ECLI:NL:RBDHA:2021:15636

Rechtbank Den Haag

Datum uitspraak
9 april 2021
Publicatiedatum
16 februari 2022
Zaaknummer
NL21.3586
Instantie
Rechtbank Den Haag
Type
Uitspraak
Procedures
  • Eerste aanleg - enkelvoudig
Rechters
Vindplaatsen
  • Rechtspraak.nl
AI samenvatting door LexboostAutomatisch gegenereerd

Dublinprocedure en asielaanvraag van eiser met verwijzing naar gevaar in Zwitserland

In deze zaak heeft de Rechtbank Den Haag op 9 april 2021 uitspraak gedaan in een bestuursrechtelijke procedure betreffende de asielaanvraag van eiser. Eiser had op 11 juli 2019 voor het eerst een asielaanvraag ingediend in Nederland, maar deze werd niet in behandeling genomen omdat Zwitserland volgens de Dublinverordening verantwoordelijk was voor de behandeling van zijn aanvraag. Eiser heeft in zijn opvolgende aanvraag, ingediend op 15 februari 2021, aangevoerd dat hij niet veilig kan terugkeren naar Zwitserland vanwege een reëel gevaar van de Soedanese autoriteiten. Hij heeft twintig bewijsstukken overgelegd ter onderbouwing van zijn vrees, maar de rechtbank oordeelde dat deze stukken niet voldoende waren om aan te tonen dat de Zwitserse autoriteiten hem geen bescherming konden bieden.

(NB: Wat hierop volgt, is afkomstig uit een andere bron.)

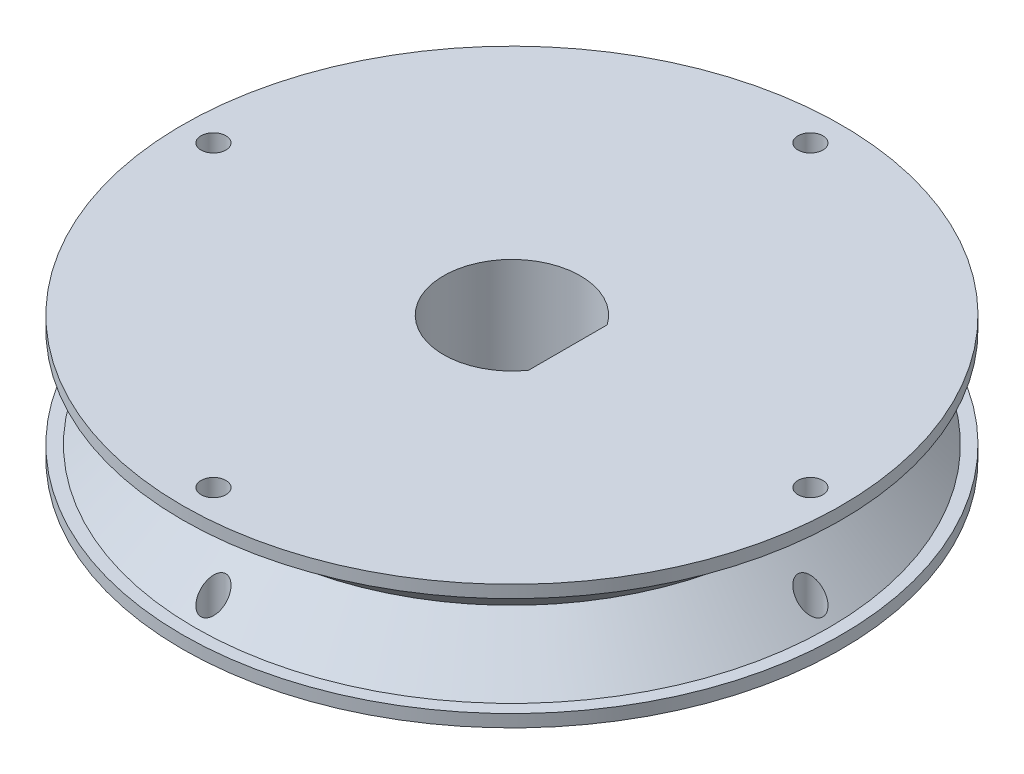
SolidWorks part; units mm, degrees
ref_plane "Front Plane" through (0, 0, 0) normal (0, 0, 1) x (1, 0, 0)
ref_plane "Top Plane" through (0, 0, 0) normal (0, 1, 0) x (1, 0, 0)
ref_plane "Right Plane" through (0, 0, 0) normal (1, 0, 0) x (0, 0, -1)
sketch "Sketch1" plane through (0, 0, 0) normal (0, 1, 0) x (1, 0, 0)
  line L0 (2, 1.5) -> (2, -1.5) construction
  line L1 (2.25, 1.5811) -> (2.25, -1.5811)
  arc A0 (2, 1.5) -> (2, -1.5) centre (0, 0) ccw construction
  arc A1 (2.25, 1.5811) -> (2.25, -1.5811) centre (0, 0) ccw
  circle A2 centre (0, 0) radius 13.25
  dimension "D1" = 5
  dimension "D3" = 0.25
  dimension "D4" = 5.5
  dimension "D2" = 2
extrude "Boss-Extrude1" add sketch "Sketch1" along normal blind 5
ref_plane "Plane1" through (0, 0, 0) normal (-1, 0, 0) x (0, 0, 1)
ref_axis "Axis2" through (0, 5, 0) along (0, -1, 0)
sketch "Sketch4" plane through (0, 0, 0) normal (-1, 0, 0) x (0, 0, 1)
  line L0 (12.75, 4.5) -> (10.75, 2.5)
  line L1 (10.75, 2.5) -> (12.75, 0.5)
  line L2 (13.25, 0) -> (13.25, 5) construction
  line L3 (13.25, 0) -> (13.25, 5) construction
  line L4 (13.25, 4.5) -> (13.25, 0.5)
  line L5 (12.75, 4.5) -> (13.25, 4.5)
  line L6 (13.25, 5) -> (-13.25, 5) construction
  line L7 (12.75, 0.5) -> (13.25, 0.5)
  line L8 (-13.25, 0) -> (13.25, 0) construction
  dimension "D1" = 45
  dimension "D2" = 45
  dimension "D3" = 0.5
  dimension "D4" = 0.5
revolve "Cut-Revolve1" cut sketch "Sketch4" angle 360 about axis through (0, 5, 0) along (0, -1, 0)
sketch "Sketch5" plane through (0, 5, 0) normal (0, 1, 0) x (1, 0, 0)
  line L0 (0, 0) -> (18.1073, 0) construction
  line L1 (0, 0) -> (-19.2579, 0) construction
  line L2 (0, 0) -> (0, 13.7804) construction
  line L3 (0, 0) -> (0, -15.0734) construction
  line L4 (0, 1.7393) -> (0, -1.7393) construction
  line L5 (0, 0) -> (-11.6243, -11.6243) construction
  circle A0 centre (-12, 0) radius 0.5
  circle A1 centre (12, 0) radius 0.5
  circle A2 centre (0, 12) radius 0.5
  circle A3 centre (0, -12) radius 0.5
  dimension "D1" = 12
extrude "Cut-Extrude1" cut sketch "Sketch5" against normal blind 5
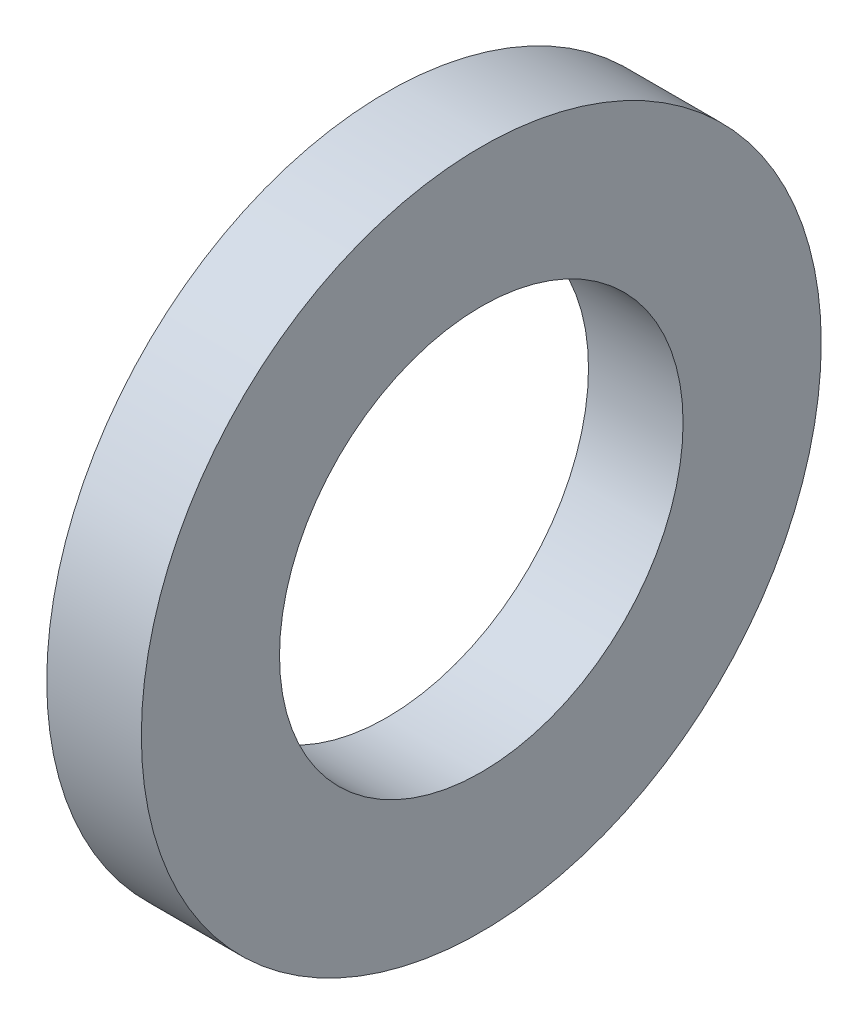
SolidWorks part; units mm, degrees
ref_plane "Front Plane" through (0, 0, 0) normal (0, 0, 1) x (1, 0, 0)
ref_plane "Top Plane" through (0, 0, 0) normal (0, 1, 0) x (1, 0, 0)
ref_plane "Right Plane" through (0, 0, 0) normal (1, 0, 0) x (0, 0, -1)
sketch "Sketch1" plane through (0, 0, 0) normal (1, 0, 0) x (0, 0, -1)
  circle A0 centre (0, 0) radius 27.305
  circle A1 centre (0, 0) radius 46
  dimension "D1" = 54.61
  dimension "D2" = 92
extrude "Boss-Extrude1" add sketch "Sketch1" along normal blind 12.8
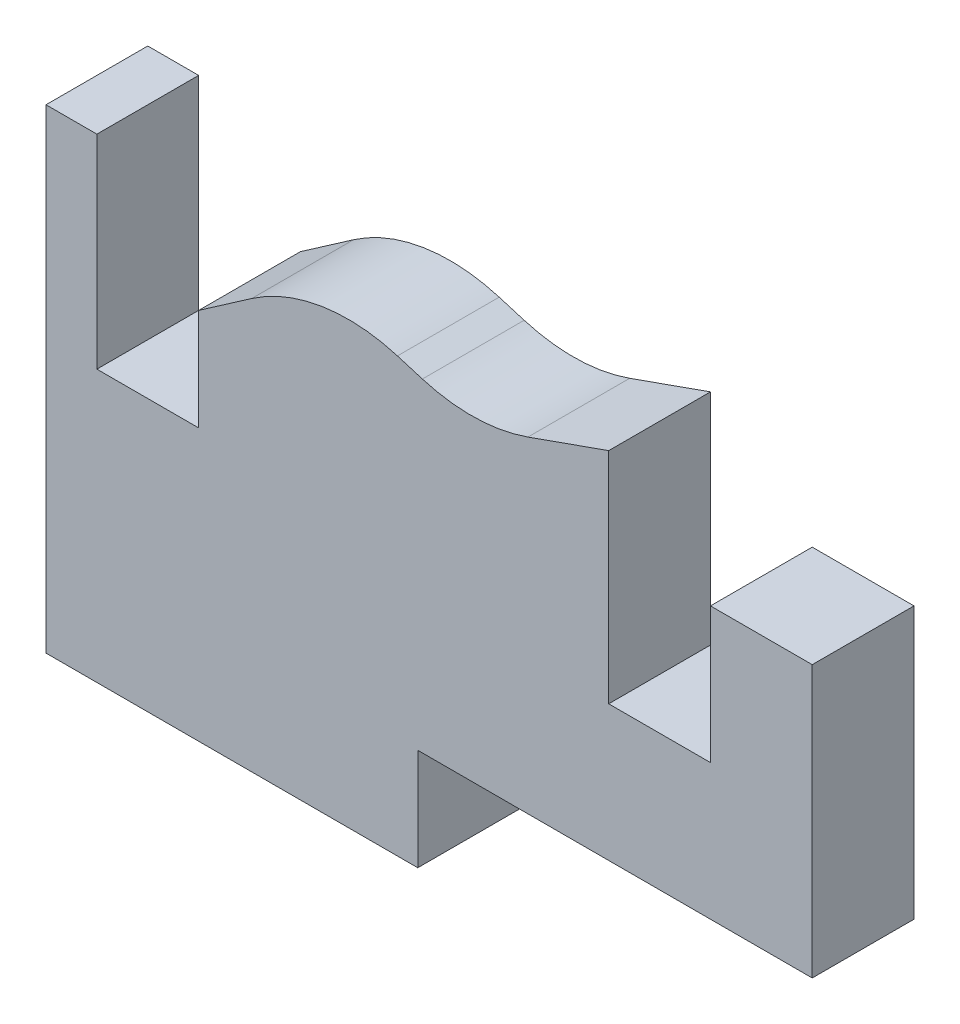
SolidWorks part; units mm, degrees
ref_plane "Front Plane" through (0, 0, 0) normal (0, 0, 1) x (1, 0, 0)
ref_plane "Top Plane" through (0, 0, 0) normal (0, 1, 0) x (1, 0, 0)
ref_plane "Right Plane" through (0, 0, 0) normal (1, 0, 0) x (0, 0, -1)
sketch "Sketch1" plane through (0, 0, 0) normal (0, 0, 1) x (1, 0, 0)
  line L0 (-18.6877, 18.7292) -> (-15.6877, 18.7292)
  line L1 (-15.6877, 18.7292) -> (-15.6877, 6.7292)
  line L2 (-15.6877, 6.7292) -> (-9.6877, 6.7292)
  line L3 (-9.6877, 6.7292) -> (-9.6877, 12.7292)
  line L4 (-9.6877, 12.7292) -> (-6.5562, 14.9036)
  line L5 (2.0314, 16.2647) -> (3.5037, 15.8212)
  line L6 (9.7269, 15.9703) -> (14.488, 17.657)
  line L7 (14.488, 17.657) -> (14.488, 4.7292)
  line L8 (14.488, 4.7292) -> (20.488, 4.7292)
  line L9 (20.488, 4.7292) -> (20.488, 12.7292)
  line L10 (20.488, 12.7292) -> (26.488, 12.7292)
  line L11 (26.488, 12.7292) -> (26.488, -3.2708)
  line L12 (26.488, -3.2708) -> (3.2312, -3.2708)
  line L13 (3.2312, -3.2708) -> (3.2312, -9.2708)
  line L14 (3.2312, -9.2708) -> (-18.6877, -9.2708)
  line L15 (-18.6877, -9.2708) -> (-18.6877, 18.7292)
  line L16 (-9.6877, 11.0881) -> (14.488, 11.0881) construction
  line L17 (14.488, 4.7292) -> (14.488, -3.2708) construction
  line L18 (14.488, 4.7292) -> (3.2312, 4.7292) construction
  arc A0 (3.5037, 15.8212) -> (9.7269, 15.9703) centre (6.3877, 25.3963) ccw
  arc A1 (-6.5562, 14.9036) -> (2.0314, 16.2647) centre (-0.8527, 6.6896) cw
  dimension "D1" = 10
extrude "Boss-Extrude1" add sketch "Sketch1" along normal blind 6

De rechtbank overwoog dat het aan eiser was om aan te tonen dat verweerder niet van het interstatelijk vertrouwensbeginsel ten opzichte van Zwitserland mocht uitgaan. De rechtbank concludeerde dat de overgelegde stukken niet aannemelijk maakten dat de Zwitserse autoriteiten niet in staat of bereid zouden zijn om eiser bescherming te bieden. Eiser had ook niet aangetoond dat hij niet kon klagen bij de Zwitserse autoriteiten. De rechtbank oordeelde verder dat verweerder niet onzorgvuldig had gehandeld door eiser niet te horen, aangezien de nieuwe informatie die eiser had aangevoerd niet leidde tot een ander oordeel.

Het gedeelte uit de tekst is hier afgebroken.